Talend data integration for File operation

Talend data integration for File operation

I need to use Talend data integration tool for following scenario.
There will be flat file containing 10 million records, we will take each record apply some business logic and again store in a separate file Data.txt.
Now Data.txt file contains 10 million records.
There is another file newdata.txt containing 10 K records so now we want to check each of this record whether it is in Data.txt or not
Case 1 : if the record exist will update the Data.txt file
Case 2. If record doesn?t exist in Data.txt then will insert the new record in Data.txt file.
I want help in finding how this can be done using Talend data integration
Please give some path way to proceed.
Five Stars

Re: Talend data integration for File operation

The components you'll be wanting to look at are:-
tFileInputDelimited (Assuming your files are delimited; but there are other variants).
tFileOutputDelimited
tMap to join your data and perform your transformations

Re: Talend data integration for File operation

Yes i know i can use these components but the problem is as my look file will be of large size so it will completely loaded in the memory when i'll use tmap component and consume lot of resources so is there any other way out for doing this ??
Five Stars

Re: Talend data integration for File operation

Yes i know i can use these components but the problem is as my look file will be of large size so it will completely loaded in the memory when i'll use tmap component and consume lot of resources so is there any other way out for doing this ??
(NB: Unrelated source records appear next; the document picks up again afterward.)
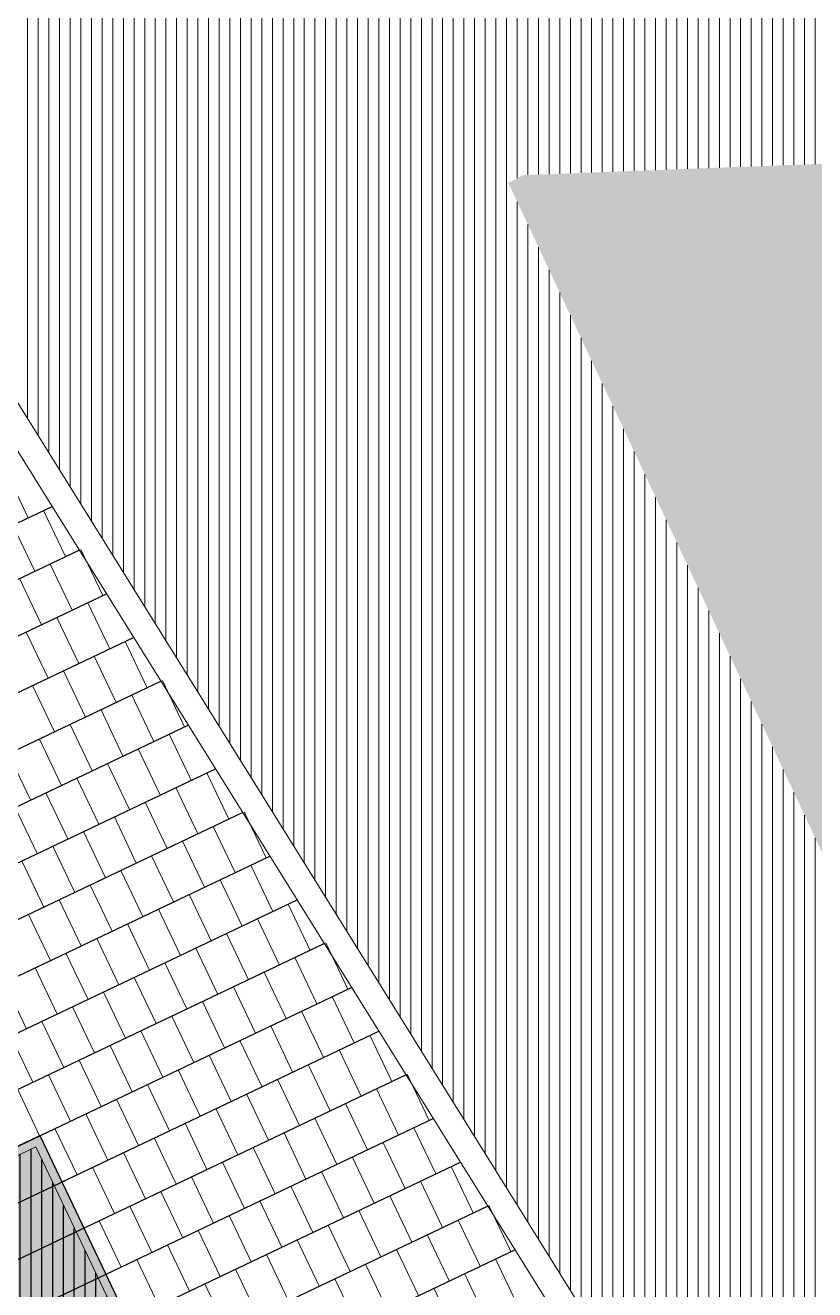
# Model space of a CAD drawing. Header units: metres. Extents: x 679599 to 680028, y 2748524 to 2748840.
# Drawn here: x 679671.36 to 679680.61, y 2748560.49 to 2748575.31 of the extents above; entities that cross this region are included whole.
import ezdxf

# ---------------------------------------------------------------- set-up
doc = ezdxf.new("R2010")
doc.units = ezdxf.units.M
doc.header["$LTSCALE"] = 5
doc.layers.add('00-AUX', color=2, linetype='Continuous', plot=False)
doc.layers.add('00-AUX Tree Pit', color=2, linetype='Continuous', plot=False)
doc.layers.add('02-L-B-Curb', color=11, linetype='Continuous', lineweight=5, plot=False)
for name, color, linetype, lineweight, true_color in [('02-L-Joints-Paviment_07_Precast Concrete Blocks 60X40', 7, 'Continuous', 5, 0x999999), ('03-TR-Pavement_02_Sealed Gravel', 7, 'Continuous', 5, 0x38321e), ('03-TR-Pavement_06_Concrete Slab in situ', 7, 'Continuous', 9, 0xf7f7f7), ('03-TR-Pavement_07_Precast Concrete Blocks 60X40', 7, 'Continuous', 5, 0x999999)]:
    doc.layers.add(name, color=color, linetype=linetype, lineweight=lineweight, true_color=true_color)
doc.layers.add('03-TR-Tree Pit_Green', color=46, linetype='Continuous')
doc.layers.add('03-TR-Tree Pit_White', color=7, linetype='Continuous', true_color=0xfcfcfc)
doc.layers.add('04-BK-Tree Pit', color=6, linetype='Continuous', lineweight=5)

# ---------------------------------------------------------------- blocks, each defined once
blk = doc.blocks.new('ALCORQUE RECTANGULAR')
at = {"layer": '03-TR-Tree Pit_Green', "ltscale": 0.3}
h = blk.add_hatch(dxfattribs=at)
h.set_pattern_fill('ANSI31', color=256, scale=0.04, angle=-45)
h.set_pattern_definition([(360, (-2068898.16958, 3428624.0145), (3e-17, 0.127), [])])
h.paths.add_polyline_path([(679903.391, 2748647.421), (679902.702, 2748648.869), (679904.689, 2748649.814), (679905.377, 2748648.367)])
at = {"layer": '03-TR-Tree Pit_White'}
h = blk.add_hatch(color=256, dxfattribs=at)
h.dxf.hatch_style = 1
h.paths.add_polyline_path([(679903.344, 2748647.288), (679902.569, 2748648.916), (679904.736, 2748649.947), (679905.511, 2748648.319)])
at = {"layer": '02-L-B-Curb'}
blk.add_lwpolyline([(679903.344, 2748647.288), (679902.569, 2748648.916), (679904.736, 2748649.947), (679905.511, 2748648.319)], close=True, dxfattribs=at)
at = {"layer": '02-L-B-Curb', "color": 6}
blk.add_lwpolyline([(679903.391, 2748647.421), (679902.702, 2748648.868), (679904.689, 2748649.814), (679905.378, 2748648.366)], close=True, dxfattribs=at)

msp = doc.modelspace()

# ---------------------------------------------------------------- hatches: boundary and pattern name
at = {"layer": '03-TR-Pavement_02_Sealed Gravel', "linetype": 'Continuous'}
h = msp.add_hatch(dxfattribs=at)
h.set_pattern_fill('ANSI31', color=256, scale=0.0393, angle=45)
h.set_pattern_definition([(90, (652974.11672, 2717198.73223), (-0.1247775, 0), [])])
h.paths.add_polyline_path([(679677.201, 2748573.555), (679683.041, 2748573.777), (679687.329, 2748576.176), (679693.395, 2748575.721), (679695.755, 2748576.821), (679698.899, 2748570.077), (679696.876, 2748565.409), (679691.299, 2748563.582), (679690.559, 2748563.185), (679688.204, 2748561.07), (679682.247, 2748562.313), (679677.021, 2748573.467)])
h.paths.add_polyline_path([(679758.64, 2748582.443), (679748.157, 2748599.32), (679704.653, 2748591.943), (679666.232, 2748578.973), (679685.689, 2748547.73)])
at = {"layer": '03-TR-Pavement_06_Concrete Slab in situ', "linetype": 'Continuous'}
h = msp.add_hatch(color=256, dxfattribs=at)
h.dxf.hatch_style = 1
h.paths.add_polyline_path([(679698.899, 2748570.077), (679695.755, 2748576.821), (679693.395, 2748575.721), (679687.329, 2748576.176), (679683.041, 2748573.777), (679677.201, 2748573.555), (679677.021, 2748573.467), (679682.247, 2748562.313), (679688.204, 2748561.07), (679690.559, 2748563.185), (679691.299, 2748563.582), (679696.876, 2748565.409)])

# ---------------------------------------------------------------- linework, layer by layer
at = {"layer": '00-AUX'}
for points in [[(679651.164, 2748559.912), (679671.672, 2748569.671)], [(679651.605, 2748559.458), (679671.991, 2748569.159)], [(679651.681, 2748558.83), (679672.31, 2748568.646)], [(679652.122, 2748558.375), (679672.629, 2748568.134)], [(679652.198, 2748557.747), (679672.949, 2748567.621)], [(679652.639, 2748557.292), (679673.268, 2748567.108)], [(679652.715, 2748556.664), (679673.587, 2748566.596)], [(679653.156, 2748556.209), (679673.906, 2748566.083)], [(679653.233, 2748555.581), (679674.225, 2748565.571)], [(679653.673, 2748555.126), (679674.545, 2748565.058)], [(679653.75, 2748554.498), (679674.864, 2748564.546)], [(679654.19, 2748554.043), (679675.183, 2748564.033)], [(679654.267, 2748553.415), (679675.502, 2748563.52)], [(679654.707, 2748552.961), (679675.821, 2748563.008)], [(679654.784, 2748552.332), (679676.141, 2748562.495)], [(679655.225, 2748551.878), (679676.46, 2748561.983)], [(679655.301, 2748551.25), (679676.779, 2748561.47)], [(679655.742, 2748550.795), (679677.098, 2748560.958)]]:
    msp.add_lwpolyline(points, dxfattribs=at)
at = {"layer": '00-AUX Tree Pit'}
msp.add_lwpolyline([(679672.561, 2748560.127), (679670.933, 2748559.353), (679669.901, 2748561.52), (679671.53, 2748562.295)], close=True, dxfattribs=at)
at = {"layer": '02-L-B-Curb', "ltscale": 0.3}
for points in [[(679665.94, 2748578.875), (679687.642, 2748544.027)], [(679666.232, 2748578.973), (679687.914, 2748544.157)]]:
    msp.add_lwpolyline(points, dxfattribs=at)
at = {"layer": '02-L-Joints-Paviment_07_Precast Concrete Blocks 60X40'}
for points in [[(679671.391, 2748569.538), (679671.133, 2748570.079)], [(679671.831, 2748569.083), (679671.574, 2748569.625)], [(679671.47, 2748568.911), (679671.212, 2748569.453)], [(679672.269, 2748568.627), (679672.011, 2748569.168)], [(679671.908, 2748568.455), (679671.65, 2748568.996)], [(679671.547, 2748568.283), (679671.289, 2748568.825)], [(679672.348, 2748568), (679672.091, 2748568.542)], [(679671.987, 2748567.828), (679671.729, 2748568.37)], [(679671.626, 2748567.656), (679671.368, 2748568.198)], [(679672.786, 2748567.544), (679672.528, 2748568.086)], [(679672.425, 2748567.372), (679672.167, 2748567.914)], [(679672.064, 2748567.2), (679671.806, 2748567.742)], [(679673.227, 2748567.089), (679672.969, 2748567.631)], [(679671.703, 2748567.028), (679671.445, 2748567.57)], [(679672.866, 2748566.917), (679672.608, 2748567.459)], [(679672.504, 2748566.745), (679672.247, 2748567.287)], [(679672.143, 2748566.573), (679671.885, 2748567.115)], [(679671.782, 2748566.401), (679671.524, 2748566.943)], [(679673.303, 2748566.461), (679673.045, 2748567.003)], [(679671.421, 2748566.23), (679671.163, 2748566.771)], [(679672.942, 2748566.289), (679672.684, 2748566.831)], [(679672.581, 2748566.117), (679672.323, 2748566.659)], [(679672.22, 2748565.945), (679671.962, 2748566.487)], [(679673.744, 2748566.006), (679673.486, 2748566.548)], [(679671.859, 2748565.773), (679671.601, 2748566.315)], [(679673.383, 2748565.834), (679673.125, 2748566.376)], [(679671.497, 2748565.601), (679671.239, 2748566.143)], [(679673.022, 2748565.662), (679672.764, 2748566.204)], [(679672.66, 2748565.49), (679672.403, 2748566.032)], [(679674.182, 2748565.55), (679673.924, 2748566.092)], [(679672.299, 2748565.319), (679672.041, 2748565.86)], [(679673.82, 2748565.378), (679673.563, 2748565.92)], [(679671.938, 2748565.147), (679671.68, 2748565.689)], [(679673.459, 2748565.206), (679673.201, 2748565.748)], [(679673.098, 2748565.034), (679672.84, 2748565.576)], [(679671.577, 2748564.975), (679671.319, 2748565.517)], [(679672.737, 2748564.862), (679672.479, 2748565.404)], [(679674.261, 2748564.923), (679674.003, 2748565.465)], [(679672.376, 2748564.691), (679672.118, 2748565.232)], [(679673.9, 2748564.751), (679673.642, 2748565.293)], [(679673.539, 2748564.579), (679673.281, 2748565.121)], [(679672.014, 2748564.519), (679671.757, 2748565.06)], [(679673.177, 2748564.408), (679672.92, 2748564.949)], [(679674.699, 2748564.467), (679674.441, 2748565.009)], [(679671.653, 2748564.347), (679671.395, 2748564.889)], [(679674.338, 2748564.295), (679674.08, 2748564.837)], [(679672.816, 2748564.236), (679672.558, 2748564.778)], [(679673.976, 2748564.123), (679673.719, 2748564.665)], [(679672.455, 2748564.064), (679672.197, 2748564.606)], [(679673.615, 2748563.951), (679673.357, 2748564.493)], [(679675.139, 2748564.012), (679674.882, 2748564.554)], [(679672.094, 2748563.892), (679671.836, 2748564.434)], [(679674.778, 2748563.84), (679674.52, 2748564.382)], [(679671.733, 2748563.72), (679671.475, 2748564.262)], [(679673.254, 2748563.78), (679672.996, 2748564.321)], [(679674.417, 2748563.669), (679674.159, 2748564.21)], [(679671.372, 2748563.548), (679671.114, 2748564.09)], [(679672.893, 2748563.608), (679672.635, 2748564.149)], [(679672.532, 2748563.436), (679672.274, 2748563.978)], [(679674.056, 2748563.497), (679673.798, 2748564.038)], [(679675.216, 2748563.384), (679674.958, 2748563.926)], [(679672.17, 2748563.264), (679671.913, 2748563.806)], [(679673.695, 2748563.325), (679673.437, 2748563.867)], [(679674.855, 2748563.212), (679674.597, 2748563.754)], [(679671.809, 2748563.092), (679671.551, 2748563.634)], [(679673.333, 2748563.153), (679673.076, 2748563.695)], [(679671.448, 2748562.92), (679671.19, 2748563.462)], [(679672.972, 2748562.981), (679672.714, 2748563.523)], [(679674.493, 2748563.04), (679674.236, 2748563.582)], [(679675.656, 2748562.929), (679675.399, 2748563.471)], [(679672.611, 2748562.809), (679672.353, 2748563.351)], [(679674.132, 2748562.869), (679673.874, 2748563.41)], [(679672.25, 2748562.637), (679671.992, 2748563.179)], [(679673.771, 2748562.697), (679673.513, 2748563.238)], [(679675.295, 2748562.758), (679675.037, 2748563.299)], [(679673.41, 2748562.525), (679673.152, 2748563.067)], [(679674.934, 2748562.586), (679674.676, 2748563.127)], [(679676.094, 2748562.473), (679675.836, 2748563.015)], [(679671.889, 2748562.465), (679671.631, 2748563.007)], [(679673.049, 2748562.353), (679672.791, 2748562.895)], [(679674.573, 2748562.414), (679674.315, 2748562.956)], [(679671.527, 2748562.293), (679671.27, 2748562.835)], [(679672.687, 2748562.181), (679672.43, 2748562.723)], [(679674.212, 2748562.242), (679673.954, 2748562.784)], [(679675.733, 2748562.301), (679675.475, 2748562.843)], [(679673.851, 2748562.07), (679673.593, 2748562.612)], [(679675.372, 2748562.129), (679675.114, 2748562.671)], [(679672.326, 2748562.009), (679672.068, 2748562.551)], [(679673.489, 2748561.898), (679673.232, 2748562.44)], [(679675.011, 2748561.958), (679674.753, 2748562.499)], [(679671.965, 2748561.837), (679671.707, 2748562.379)], [(679673.128, 2748561.726), (679672.87, 2748562.268)], [(679674.649, 2748561.786), (679674.392, 2748562.327)], [(679676.174, 2748561.847), (679675.916, 2748562.388)], [(679674.288, 2748561.614), (679674.03, 2748562.156)], [(679675.812, 2748561.675), (679675.555, 2748562.216)], [(679672.767, 2748561.554), (679672.509, 2748562.096)], [(679673.927, 2748561.442), (679673.669, 2748561.984)], [(679675.451, 2748561.503), (679675.193, 2748562.045)], [(679672.406, 2748561.383), (679672.148, 2748561.924)], [(679675.09, 2748561.331), (679674.832, 2748561.873)], [(679676.611, 2748561.39), (679676.353, 2748561.932)], [(679673.566, 2748561.27), (679673.308, 2748561.812)], [(679674.729, 2748561.159), (679674.471, 2748561.701)], [(679676.25, 2748561.218), (679675.992, 2748561.76)], [(679673.205, 2748561.098), (679672.947, 2748561.64)], [(679674.368, 2748560.987), (679674.11, 2748561.529)], [(679675.889, 2748561.047), (679675.631, 2748561.588)], [(679672.843, 2748560.926), (679672.586, 2748561.468)], [(679675.528, 2748560.875), (679675.27, 2748561.416)], [(679677.052, 2748560.936), (679676.794, 2748561.477)], [(679672.482, 2748560.754), (679672.224, 2748561.296)], [(679674.006, 2748560.815), (679673.749, 2748561.357)], [(679675.167, 2748560.703), (679674.909, 2748561.245)], [(679676.691, 2748560.764), (679676.433, 2748561.305)], [(679673.645, 2748560.643), (679673.387, 2748561.185)], [(679676.33, 2748560.592), (679676.072, 2748561.134)], [(679673.284, 2748560.472), (679673.026, 2748561.013)], [(679674.805, 2748560.531), (679674.547, 2748561.073)], [(679675.968, 2748560.42), (679675.711, 2748560.962)], [(679672.923, 2748560.3), (679672.665, 2748560.841)], [(679674.444, 2748560.359), (679674.186, 2748560.901)], [(679675.607, 2748560.248), (679675.349, 2748560.79)], [(679677.128, 2748560.307), (679676.871, 2748560.849)], [(679674.083, 2748560.187), (679673.825, 2748560.729)], [(679676.767, 2748560.136), (679676.509, 2748560.677)], [(679673.722, 2748560.015), (679673.464, 2748560.557)], [(679675.246, 2748560.076), (679674.988, 2748560.618)], [(679676.406, 2748559.964), (679676.148, 2748560.505)]]:
    msp.add_lwpolyline(points, dxfattribs=at)
at = {"layer": '03-TR-Pavement_07_Precast Concrete Blocks 60X40'}
for p, q in [((679652.793, 2748560.688), (679671.672, 2748569.671)), ((679651.421, 2748559.37), (679671.991, 2748569.159)), ((679651.679, 2748558.829), (679672.31, 2748568.646)), ((679651.938, 2748558.287), (679672.629, 2748568.134)), ((679652.196, 2748557.746), (679672.949, 2748567.621)), ((679652.455, 2748557.204), (679673.268, 2748567.108)), ((679652.713, 2748556.663), (679673.587, 2748566.596)), ((679652.972, 2748556.122), (679673.906, 2748566.083)), ((679653.23, 2748555.58), (679674.225, 2748565.571)), ((679653.489, 2748555.039), (679674.545, 2748565.058)), ((679653.748, 2748554.497), (679674.864, 2748564.546)), ((679654.006, 2748553.956), (679675.183, 2748564.033)), ((679671.788, 2748561.753), (679675.502, 2748563.52)), ((679672.045, 2748561.211), (679675.821, 2748563.008)), ((679672.303, 2748560.669), (679676.141, 2748562.495)), ((679655.04, 2748551.79), (679676.46, 2748561.983)), ((679655.299, 2748551.249), (679676.779, 2748561.47)), ((679655.557, 2748550.707), (679677.098, 2748560.958))]:
    msp.add_line(p, q, dxfattribs=at)

# ---------------------------------------------------------------- block references
at = {"layer": '04-BK-Tree Pit', "rotation": 90}
msp.add_blockref('ALCORQUE RECTANGULAR', (3428319.849, 2068656.784), dxfattribs=at)

doc.saveas('drawing.dxf')

Ok. But that's not what you asked.
If you've got enough memory, then increase heap and do just that.
tMap map has join options so that you can "Store temp data" to disk. It will be slower but will conserve memory.
Seventeen Stars

Re: Talend data integration for File operation

hi all,
i think using text file it's the most optimistic way to search into data, 'couse there is no indexes.
how about table ?
regards
laurent
Five Stars

Re: Talend data integration for File operation

hi all,
i think using text file it's the most optimistic way to search into data, 'couse there is no indexes.
how about table ?
regards
laurent

I think it depends on the use case.
If you have two text files and you want to join them once, then I think it is perfectly acceptable, although in the case of Talend, it can be memory hungry.
There may be no indexes; but there also isn't all of the other overheads of an RDBMS.
In this particular case, I can see that performing a look-up against 10M rows, requires some thought.
Without knowing the source of these files, how often they change and how often the Job runs, it's difficult to recommend loading them in to a database.